At the 8th Central Committee’s 6th Plenary Meeting held in December 2022, General Secretary Kim Jong-un expressed his perception of the global situation, stating, “The international relations structure is clearly shifting to a ‘new Cold War’ system, and the trend of multipolarization is accelerating.” Amidst the ongoing discussions of a new Cold War, driven by the U.S.-China conflict and Russia’s invasion of Ukraine on the global political stage, North Korea is also participating. This paper aims to examine North Korea’s perception, intentions, and implications regarding the global political order. Specifically, it seeks to analyze North Korea’s understanding of the frequently invoked concepts of the new Cold War and multipolarization.

North Korea's Foreign Policy Perceptions During the Cold War and Post-Cold War Era

During the Cold War, North Korea fundamentally assessed the international situation through a dichotomous lens of "the Free World versus the reactionary forces." It viewed the competition as being between the U.S.-led Free World and the "international democratic camp" centered around the Soviet Union. However, with the onset of the Sino-Soviet split in the 1960s, North Korea established its Juche ideology, emphasizing self-reliance, while simultaneously pursuing a policy of "realpolitik" through pendulum diplomacy between China and the Soviet Union. The 5th Party Congress held in November 1970 articulated the principles of North Korea's foreign policy. It criticized "modern revisionism" deviating from Marxism-Leninism, "dogmatism" emphasizing dogma without scientific consideration, and "great power chauvinism" reflecting imperial characteristics, thereby proclaiming the principles of an independent foreign policy based on the Juche ideology.
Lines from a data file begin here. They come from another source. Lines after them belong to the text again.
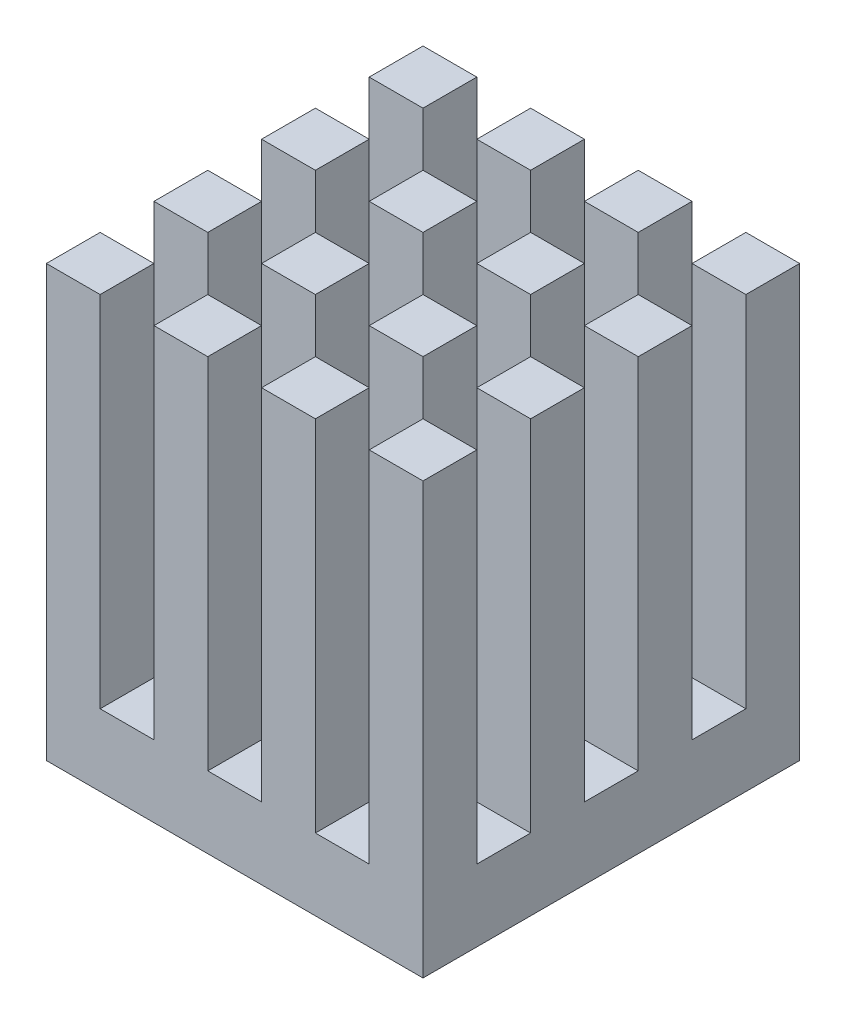
SolidWorks part; units mm, degrees
material "Copper"
ref_plane "Front Plane" through (0, 0, 0) normal (0, 0, 1) x (1, 0, 0)
ref_plane "Top Plane" through (0, 0, 0) normal (0, 1, 0) x (1, 0, 0)
ref_plane "Right Plane" through (0, 0, 0) normal (1, 0, 0) x (0, 0, -1)
sketch "Sketch1" plane through (0, 0, 0) normal (0, 1, 0) x (1, 0, 0)
  line L1 (-5.25, 5.25) -> (5.25, 5.25)
  line L2 (-5.25, 5.25) -> (-5.25, -5.25)
  line L3 (-5.25, -5.25) -> (5.25, -5.25)
  line L4 (5.25, 5.25) -> (5.25, -5.25)
  line L5 (-5.25, 5.25) -> (5.25, -5.25) construction
  line L6 (-5.25, -5.25) -> (5.25, 5.25) construction
  point P0 (0, 0)
  dimension "D1" = 10.5
extrude "Boss-Extrude1" add sketch "Sketch1" along normal blind 2
sketch "Sketch2" plane through (0, 2, 0) normal (0, 1, 0) x (1, 0, 0)
  line L1 (-5.25, 5.25) -> (-3.75, 5.25)
  line L2 (-5.25, 5.25) -> (-5.25, 3.75)
  line L3 (-5.25, 3.75) -> (-3.75, 3.75)
  line L4 (-3.75, 5.25) -> (-3.75, 3.75)
  dimension "D1" = 1.5
  dimension "D2" = 1.5
extrude "Boss-Extrude2" add sketch "Sketch2" along normal blind 10
pattern_linear "LPattern1" count 4 spacing 3 along (1, 0, 0) count 4 spacing 3 along (0, 0, 1) of "Boss-Extrude2"

With the advent of the post-Cold War era, Kim Jong-il further emphasized self-reliance in foreign policy and introduced the policy of Songun (military-first). He justified this by instilling a sense of crisis, arguing that U.S.-led forces, including South Korea, could militarily pressure and preemptively attack North Korea, thereby invoking a "besieged mentality." This worldview was utilized to overcome the collapse of socialism and the hardships of the 1990s.

The Kim Jong-un Era

North Korea's perception of the external environment in the early years of Kim Jong-un's rule did not significantly differ from previous periods. It expressed animosity towards imperialist forces led by the United States and presented self-reliance as the core ideology of its foreign strategy. However, the principles of friendship and peace, which are posited alongside self-reliance in North Korea's foreign policy, have shown some changes depending on the time and circumstances. In joint New Year's editorials published in 2012-2013 after the launch of the Kim Jong-un regime, emphasis was placed on "friendly relations with all countries that respect our sovereignty." Concurrently, an attitude was expressed that North Korea "cannot sit at a negotiation table with those who brandish nuclear weapons at us."

The tendency to emphasize the irrationality of the existing international order and norms, which had been present before, has been further strengthened. This is aimed at resisting sanctions imposed on North Korea by emphasizing the legitimacy of its nuclear development, which Kim Jong-un is vigorously pursuing. For example, when North Korea launched a long-range rocket in April 2012, it argued that "universal international laws, which hold greater authority than UN Security Council resolutions, recognize the right to peaceful use of outer space."

New Cold War and Multipolar Worldview

North Korea began to invoke the concept of a 'Cold War' again in the late 2000s. Criticizing the U.S. military buildup plans, particularly missile defense, advanced fighter jets, and nuclear capabilities, North Korea suggested the possibility of a "new Cold War" as a reaction, stating that "various countries around the world are watching with vigilance."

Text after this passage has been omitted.